**EXERCISE BRIEF**
Counting only lines that contain the word "layers", state the total for the listing below and nothing else.

**MATERIALS PROVIDED**
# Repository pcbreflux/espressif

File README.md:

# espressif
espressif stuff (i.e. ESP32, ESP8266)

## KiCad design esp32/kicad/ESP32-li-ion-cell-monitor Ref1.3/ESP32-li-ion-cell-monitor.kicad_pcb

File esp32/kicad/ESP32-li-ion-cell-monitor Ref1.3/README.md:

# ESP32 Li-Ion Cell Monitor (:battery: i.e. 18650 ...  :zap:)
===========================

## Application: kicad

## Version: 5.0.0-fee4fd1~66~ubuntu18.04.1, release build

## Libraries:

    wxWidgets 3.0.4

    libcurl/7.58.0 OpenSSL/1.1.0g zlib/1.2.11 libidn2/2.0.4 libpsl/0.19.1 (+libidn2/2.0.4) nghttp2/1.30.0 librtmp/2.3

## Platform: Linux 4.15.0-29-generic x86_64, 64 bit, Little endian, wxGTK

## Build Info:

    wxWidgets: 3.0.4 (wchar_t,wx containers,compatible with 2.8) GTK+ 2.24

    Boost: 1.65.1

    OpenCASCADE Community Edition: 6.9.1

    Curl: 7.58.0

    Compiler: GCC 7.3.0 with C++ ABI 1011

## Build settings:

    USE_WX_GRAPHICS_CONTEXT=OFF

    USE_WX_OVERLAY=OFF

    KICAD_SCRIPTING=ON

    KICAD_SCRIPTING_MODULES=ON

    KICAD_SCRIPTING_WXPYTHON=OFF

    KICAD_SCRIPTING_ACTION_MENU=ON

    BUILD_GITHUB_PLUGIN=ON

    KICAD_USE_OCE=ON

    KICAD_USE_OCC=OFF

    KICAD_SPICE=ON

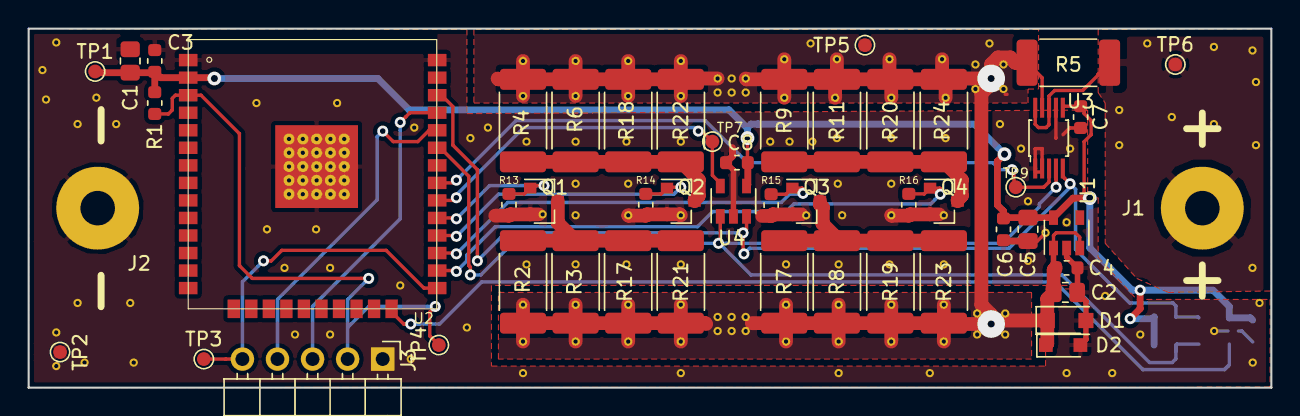
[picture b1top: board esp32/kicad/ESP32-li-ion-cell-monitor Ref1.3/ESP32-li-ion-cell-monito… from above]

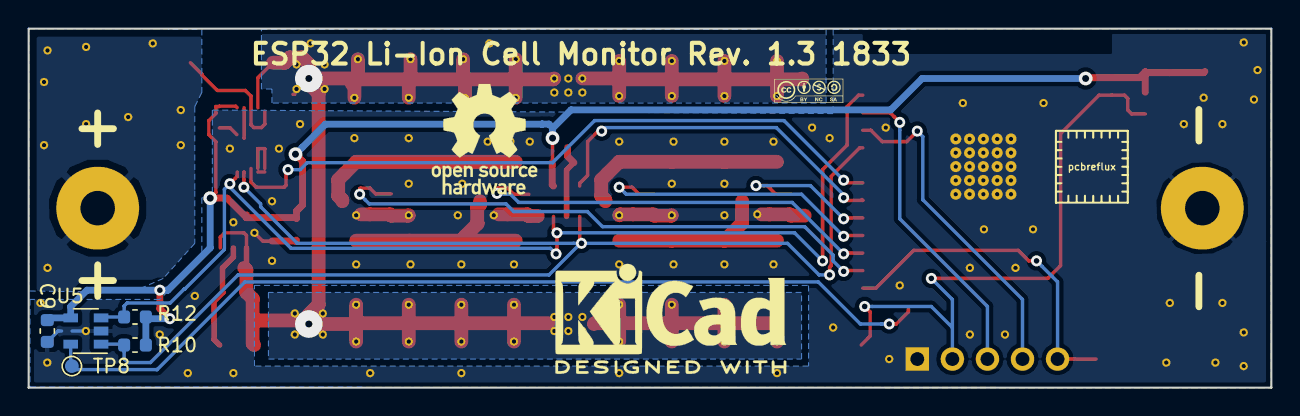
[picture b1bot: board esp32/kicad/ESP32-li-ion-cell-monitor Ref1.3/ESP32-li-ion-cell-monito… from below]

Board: 2 copper layers, 90.0 x 26.0 mm, 56 parts (5 on the bottom side), 21 nets.

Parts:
C1: 1u; C_0805_2012Metric
C2, C5: 10u; C_0805_2012Metric
C3, C4, C6, C7, C8, C9: 100n; C_0603_1608Metric
D1: MMSZ5V6CF; D_SOD-123F
D2: ESDZL5-1F4; D_SOD-323_HandSoldering
J1, J2: Conn_01x01_Female; SolderWirePad_1x01_Drill2.5mm
J3: Conn_01x05_Male; PinHeader_1x05_P2.54mm_Horizontal
Q1, Q2, Q3, Q4: Q_NMOS_GSD; SOT-23
R1, R10, R12: 10k; R_0603_1608Metric
R2, R3, R4, R6, R7, R8, R9, R11, R17, R18, R19, R20, R21, R22, R23, R24: 100R; R_2512_6332Metric_Pad1.52x3.35mm_HandSolder
R5: 100mR; R_2512_6332Metric_Pad1.52x3.35mm_HandSolder
R13, R14, R15, R16: 100k; R_0603_1608Metric
TP1, TP2, TP3, TP4, TP5, TP6, TP7, TP8, TP9: Test_Point; TestPoint_Pad_D1.0mm
U1: XC6220B281MR-G; SOT-23-5
U2: ESP-WROOM-32; ESP-WROOM-32-short
U3: INA226_SOT25-5; VSSOP-10_3.1x3.1mm_P0.5mm
U4: Si7060-00; SOT-23-5
U5: Si7060-01; SOT-23-5

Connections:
+2V8: C1.2, C3.2, C5.1, C6.1, C7.1, C8.2, C9.2, R1.2, R10.2, R12.2, TP1.1, U1.5, U2.2, U3.6, U4.4, U5.4
+BATT: J1.1, R5.2, TP6.1, U3.8, U3.10
/Alert1: TP9.1, U2.31, U3.3
/Alert2: TP7.1, U2.30, U4.5
/Alert3: TP8.1, U2.24, U5.5
/BOOT: J3.5, TP3.1, U2.25
/EN: J3.2, R1.1, TP4.1, U2.3
/RX: J3.4, U2.34
/SCL: R12.1, U2.36, U3.5, U4.3, U5.3
/SDA: R10.1, U2.33, U3.4, U4.1, U5.1
/TX: J3.3, U2.35
GND: C1.1, C2.2, C3.1, C4.2, C5.2, C6.2, C7.2, C8.1, C9.1, D1.2, D2.2, J2.1, J3.1, Q1.2, Q2.2, Q3.2, Q4.2, R13.1, R14.1, R15.1, R16.1, TP2.1, U1.2, U2.1, U2.38, U2.39, U3.1, U3.2, U3.7, U4.2, U5.2
unnamed: Q1.1, R13.2, U2.29
unnamed: Q1.3, R2.2, R3.2, R17.2, R21.2
unnamed: Q2.1, R14.2, U2.28
unnamed: Q2.3, R4.2, R6.2, R18.2, R22.2
unnamed: Q3.1, R15.2, U2.27
unnamed: Q3.3, R7.2, R8.2, R19.2, R23.2
unnamed: Q4.1, R16.2, U2.26
unnamed: Q4.3, R9.2, R11.2, R20.2, R24.2
VCC: C2.1, C4.1, D1.1, D2.1, R2.1, R3.1, R4.1, R5.1, R6.1, R7.1, R8.1, R9.1, R11.1, R17.1, R18.1, R19.1, R20.1, R21.1, R22.1, R23.1, R24.1, TP5.1, U1.1, U1.3, U3.9

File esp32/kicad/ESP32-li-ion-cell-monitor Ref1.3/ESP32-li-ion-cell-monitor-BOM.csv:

"Id";"Designator";"Package";"Quantity";"Designation";"Supplier and ref";
1;"REF**,REF**,REF**,REF**,REF**,REF**,REF**,REF**,REF**,REF**,REF**,REF**,REF**,REF**,REF**,REF**,REF**,REF**,REF**,REF**,REF**,REF**,REF**,REF**,REF**,REF**,REF**,REF**,REF**,REF**,REF**,REF**,REF**,REF**,REF**,REF**,REF**,REF**,REF**,REF**,REF**,REF**,REF**,REF**,REF**,REF**,REF**,REF**,REF**,REF**,REF**,REF**,REF**,REF**,REF**,REF**,REF**,REF**,REF**,REF**,REF**,REF**,REF**,REF**,REF**,REF**,REF**,REF**,REF**,REF**,REF**,REF**,REF**,REF**,REF**,REF**,REF**,REF**,REF**,REF**,REF**,REF**,REF**,REF**,REF**,REF**,REF**,REF**,REF**,REF**,REF**,REF**,REF**,REF**,REF**,REF**,REF**,REF**,REF**,REF**,REF**,REF**,REF**,REF**,REF**,REF**,REF**,REF**,REF**,REF**,REF**,REF**,REF**,REF**,REF**,REF**,REF**,REF**,REF**,REF**,REF**,REF**,REF**,REF**,REF**,REF**,REF**,REF**,REF**,REF**,REF**,REF**,REF**,REF**,REF**,REF**,REF**,REF**";"Via-0.6mm";138;"Via-0.6mm";;;
2;"TP9,TP1,TP2,TP3,TP4,TP5,TP6,TP7,TP8";"TestPoint_Pad_D1.0mm";9;"Test_Point";;;
3;"J3";"PinHeader_1x05_P2.54mm_Horizontal";1;"Conn_01x05_Male";;;
4;"U2";"ESP-WROOM-32-short";1;"ESP-WROOM-32";;;
5;"U4";"SOT-23-5";1;"Si7060-00";;;
6;"C1";"C_0805_2012Metric";1;"1u";;;
7;"C4,C6,C3,C7,C8,C9";"C_0603_1608Metric";6;"100n";;;
8;"C5,C2";"C_0805_2012Metric";2;"10u";;;
9;"Q1,Q2,Q3,Q4";"SOT-23";4;"Q_NMOS_GSD";;;
10;"R1,R10,R12";"R_0603_1608Metric";3;"10k";;;
11;"U5";"SOT-23-5";1;"Si7060-01";;;
12;"REF**";"pcbreflux_logo";1;"pcbreflux_logo";;;
13;"REF**";"OSHW-Logo_7.5x8mm_SilkScreen";1;"OSHW-Logo_7.5x8mm_SilkScreen";;;
14;"REF**";"KiCad-Logo2_8mm_SilkScreen";1;"KiCad-Logo2_8mm_SilkScreen";;;
15;"G***";"Logo_silk_CC-BY-NC-SA_5x2mm";1;"LOGO";;;
16;"D1";"D_SOD-123F";1;"MMSZ5V6CF";;;
17;"D2";"D_SOD-323_HandSoldering";1;"ESDZL5-1F4";;;
18;"R2,R3,R4,R6,R7,R8,R9,R11,R17,R18,R19,R20,R21,R22,R23,R24";"R_2512_6332Metric_Pad1.52x3.35mm_HandSolder";16;"100R";;;
19;"R5";"R_2512_6332Metric_Pad1.52x3.35mm_HandSolder";1;"100mR";;;
20;"U1";"SOT-23-5";1;"XC6220B281MR-G";;;
21;"U3";"VSSOP-10_3.1x3.1mm_P0.5mm";1;"INA226_SOT25-5";;;
22;"R13,R14,R15,R16";"R_0603_1608Metric";4;"100k";;;
23;"J1,J2";"SolderWirePad_1x01_Drill2.5mm";2;"Conn_01x01_Female";;;

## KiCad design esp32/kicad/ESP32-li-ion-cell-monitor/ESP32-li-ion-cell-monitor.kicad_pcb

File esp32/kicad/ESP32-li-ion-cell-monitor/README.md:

# ESP32 Li-Ion Cell Monitor (:battery: i.e. 18650 ...  :zap:)
===========================

## Application: kicad

## Version: 6.0.0-rc1-unknown-7dfc4e3~65~ubuntu18.04.1, release build

## Libraries:

    wxWidgets 3.0.4

    libcurl/7.58.0 OpenSSL/1.1.0g zlib/1.2.11 libidn2/2.0.4 libpsl/0.19.1 (+libidn2/2.0.4) nghttp2/1.30.0 librtmp/2.3

## Platform: Linux 4.15.0-29-generic x86_64, 64 bit, Little endian, wxGTK

## Build Info:

    wxWidgets: 3.0.4 (wchar_t,wx containers,compatible with 2.8) GTK+ 2.24

    Boost: 1.65.1

    OpenCASCADE Community Edition: 6.9.1

    Curl: 7.58.0

    Compiler: GCC 7.3.0 with C++ ABI 1011

## Build settings:

    USE_WX_GRAPHICS_CONTEXT=OFF

    USE_WX_OVERLAY=OFF

    KICAD_SCRIPTING=ON

    KICAD_SCRIPTING_MODULES=ON

    KICAD_SCRIPTING_WXPYTHON=OFF

    KICAD_SCRIPTING_ACTION_MENU=ON

    BUILD_GITHUB_PLUGIN=ON

    KICAD_USE_OCE=ON

    KICAD_USE_OCC=OFF

    KICAD_SPICE=ON

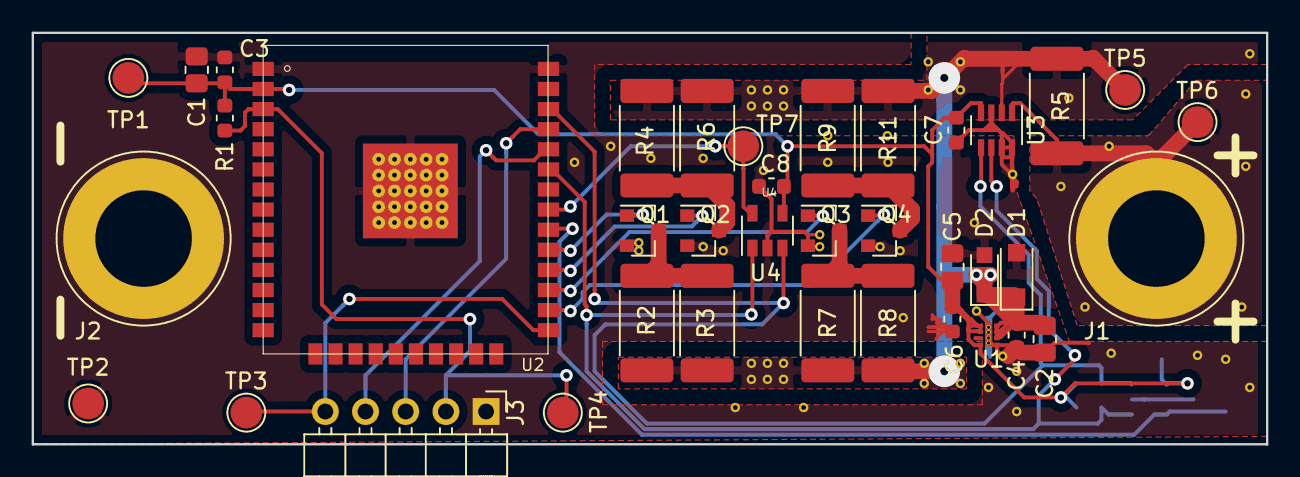
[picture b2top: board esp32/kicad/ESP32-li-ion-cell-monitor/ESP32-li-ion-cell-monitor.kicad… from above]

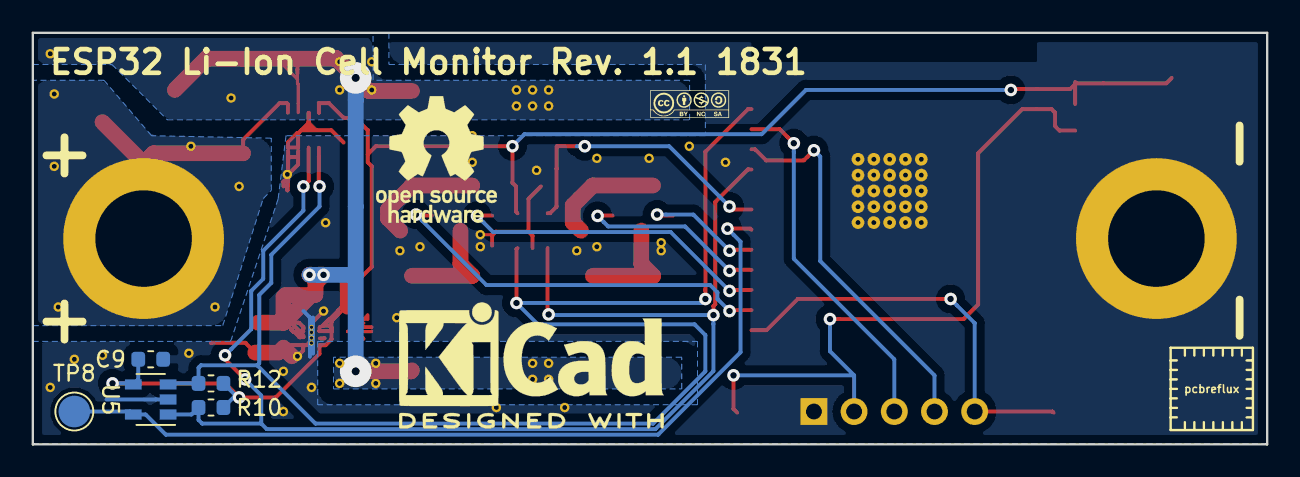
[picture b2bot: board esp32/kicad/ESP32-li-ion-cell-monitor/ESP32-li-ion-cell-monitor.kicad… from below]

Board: 2 copper layers, 78.0 x 26.0 mm, 43 parts (5 on the bottom side), 20 nets.

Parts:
C1, C2, C5: 1u; C_0805_2012Metric
C3, C4, C6, C7, C8, C9: 100n; C_0603_1608Metric
D1: MMSZ5V6CF; D_SOD-123F
D2: ESDZL5-1F4; D_SOD-323_HandSoldering
J1, J2: Conn_01x01_Female; Banana_Jack_1Pin
J3: Conn_01x05_Male; PinHeader_1x05_P2.54mm_Horizontal
Q1, Q2, Q3, Q4: Q_NMOS_GSD; SOT-23
R1, R10, R12: 10k; R_0603_1608Metric
R2, R3, R4, R6, R7, R8, R9, R11: 10R; R_2512_6332Metric_Pad1.52x3.35mm_HandSolder
R5: 100mR; R_2512_6332Metric_Pad1.52x3.35mm_HandSolder
TP1, TP2, TP3, TP4, TP5, TP6, TP7, TP8: Test_Point; TestPoint_Pad_D2.0mm
U1: NCP186B; XDFN8
U2: ES-WROOM-32; ESP-WROOM-32-short
U3: INA219_SOT23-8; SOT-23-8
U4: Si7060-00; SOT-23-5
U5: Si7060-01; SOT-23-5

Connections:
+3V: C1.2, C3.2, C5.1, C6.1, C7.2, C8.2, C9.2, R1.2, R10.2, R12.2, TP1.1, U1.1, U1.2, U1.4, U2.2, U3.4, U4.4, U5.4
+BATT: J1.1, R5.2, TP6.1, U3.1
/Alert1: TP7.1, U2.31, U4.5
/Alert2: TP8.1, U2.30, U5.5
/BOOT: J3.5, TP3.1, U2.25
/EN: J3.2, R1.1, TP4.1, U2.3
/RX: J3.4, U2.34
/SCL: R12.1, U2.36, U3.5, U4.3, U5.3
/SDA: R10.1, U2.33, U3.6, U4.1, U5.1
/TX: J3.3, U2.35
GND: C1.1, C2.2, C3.1, C4.2, C5.2, C6.2, C7.1, C8.1, C9.1, D1.2, D2.2, J2.1, J3.1, Q1.2, Q2.2, Q3.2, Q4.2, TP2.1, U1.5, U1.9, U2.1, U2.38, U2.39, U3.3, U3.7, U3.8, U4.2, U5.2
unnamed: Q1.1, U2.29
unnamed: Q1.3, R2.2, R3.2
unnamed: Q2.1, U2.28
unnamed: Q2.3, R4.2, R6.2
unnamed: Q3.1, U2.27
unnamed: Q3.3, R7.2, R8.2
unnamed: Q4.1, U2.26
unnamed: Q4.3, R9.2, R11.2
VCC: C2.1, C4.1, D1.1, D2.1, R2.1, R3.1, R4.1, R5.1, R6.1, R7.1, R8.1, R9.1, R11.1, TP5.1, U1.6, U1.7, U1.8, U3.2

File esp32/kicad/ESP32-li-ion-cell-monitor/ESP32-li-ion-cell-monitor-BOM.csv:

"Id";"Designator";"Package";"Quantity";"Designation";"Supplier and ref";
1;"U1";"XDFN8";1;"NCP186B";;;
2;"U3";"SOT-23-8";1;"INA219_SOT23-8";;;
3;"REF**,REF**,REF**,REF**,REF**,REF**,REF**,REF**,REF**,REF**,REF**,REF**,REF**,REF**,REF**,REF**,REF**,REF**,REF**,REF**,REF**,REF**,REF**,REF**,REF**,REF**,REF**,REF**,REF**,REF**,REF**,REF**,REF**,REF**,REF**,REF**,REF**,REF**,REF**,REF**,REF**,REF**,REF**,REF**,REF**,REF**,REF**,REF**,REF**,REF**,REF**,REF**,REF**,REF**,REF**,REF**,REF**,REF**";"Via-0.6mm";58;"Via-0.6mm";;;
4;"J3";"PinHeader_1x05_P2.54mm_Horizontal";1;"Conn_01x05_Male";;;
5;"U2";"ESP-WROOM-32-short";1;"ES-WROOM-32";;;
6;"U4";"SOT-23-5";1;"Si7060-00";;;
7;"C1,C5,C2";"C_0805_2012Metric";3;"1u";;;
8;"C4,C6,C3,C7,C8,C9";"C_0603_1608Metric";6;"100n";;;
9;"Q1,Q2,Q3,Q4";"SOT-23";4;"Q_NMOS_GSD";;;
10;"TP1,TP2,TP3,TP4,TP5,TP6,TP7,TP8";"TestPoint_Pad_D2.0mm";8;"Test_Point";;;
11;"R1,R10,R12";"R_0603_1608Metric";3;"10k";;;
12;"U5";"SOT-23-5";1;"Si7060-01";;;
13;"REF**";"pcbreflux_logo";1;"pcbreflux_logo";;;
14;"REF**";"OSHW-Logo_7.5x8mm_SilkScreen";1;"OSHW-Logo_7.5x8mm_SilkScreen";;;
15;"REF**";"KiCad-Logo2_8mm_SilkScreen";1;"KiCad-Logo2_8mm_SilkScreen";;;
16;"G***";"Logo_silk_CC-BY-NC-SA_5x2mm";1;"LOGO";;;
17;"D1";"D_SOD-123F";1;"MMSZ5V6CF";;;
18;"D2";"D_SOD-323_HandSoldering";1;"ESDZL5-1F4";;;
19;"R2,R3,R4,R6,R7,R8,R9,R11";"R_2512_6332Metric_Pad1.52x3.35mm_HandSolder";8;"10R";;;
20;"R5";"R_2512_6332Metric_Pad1.52x3.35mm_HandSolder";1;"100mR";;;
21;"J1,J2";"Banana_Jack_1Pin";2;"Conn_01x01_Female";;;

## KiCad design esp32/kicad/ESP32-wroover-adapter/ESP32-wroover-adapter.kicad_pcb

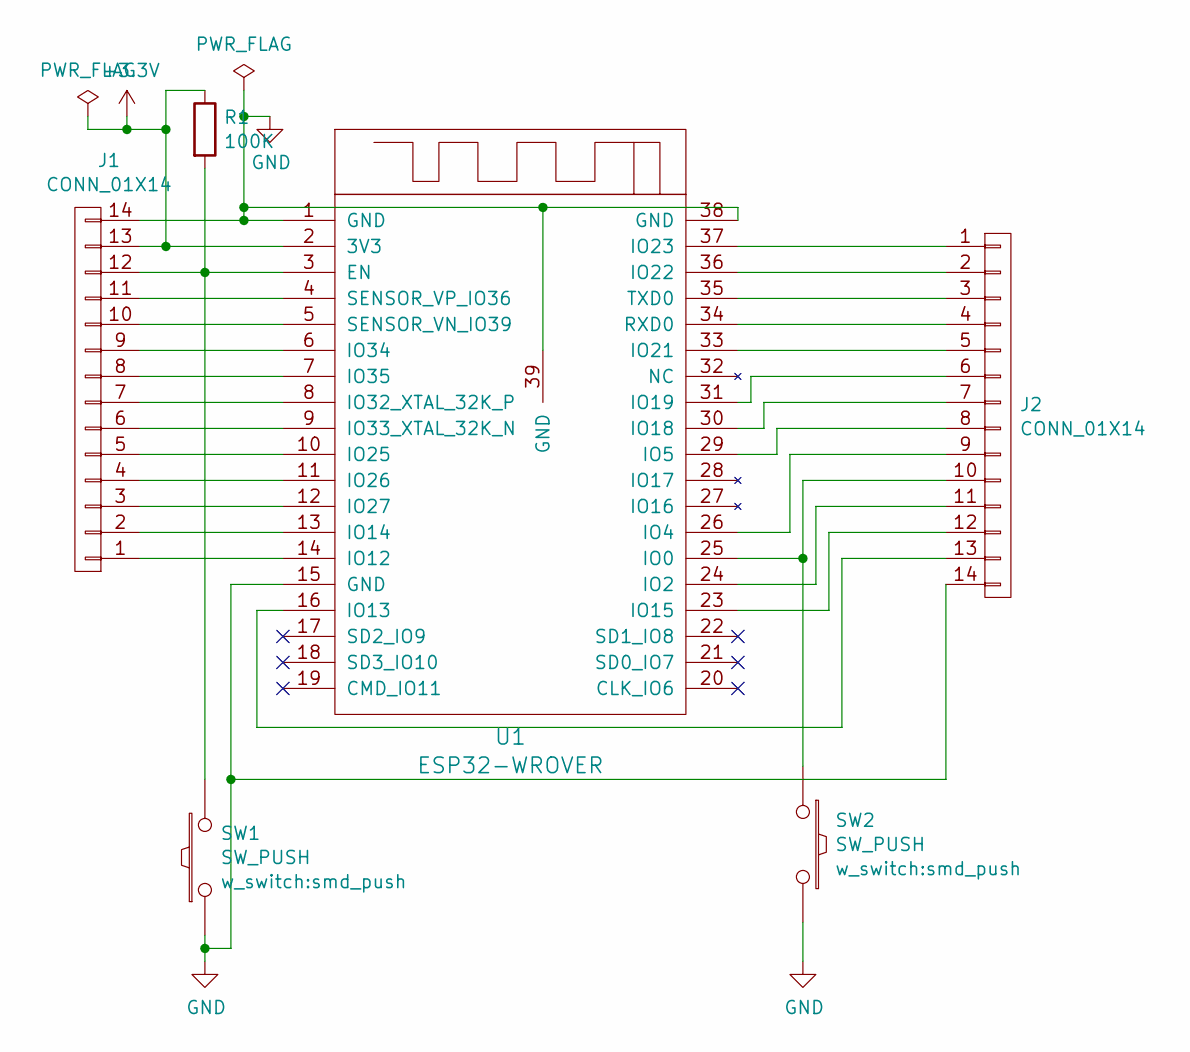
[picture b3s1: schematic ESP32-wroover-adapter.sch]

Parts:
J1, J2: CONN_01X14; Pin_Header_Straight_1x14_Pitch2.54mm
R1: 100K; r_0603
SW1, SW2: SW_PUSH; smd_push
U1: ESP32-WROVER; ESP32-WROVER-short

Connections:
+3V3: J1.13, R1.1, U1.2 (3V3)
GND: J1.14, J2.14, SW1.1, SW2.2, U1.1 (GND), U1.15 (GND), U1.38 (GND), U1.39 (GND)
unnamed: J1.1, U1.14 (IO12)
unnamed: J1.2, U1.13 (IO14)
unnamed: J1.3, U1.12 (IO27)
unnamed: J1.4, U1.11 (IO26)
unnamed: J1.5, U1.10 (IO25)
unnamed: J1.6, U1.9 (IO33_XTAL_32K_N)
unnamed: J1.7, U1.8 (IO32_XTAL_32K_P)
unnamed: J1.8, U1.7 (IO35)
unnamed: J1.9, U1.6 (IO34)
unnamed: J1.10, U1.5 (SENSOR_VN_IO39)
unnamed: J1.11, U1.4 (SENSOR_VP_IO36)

**TASK RESULT**
2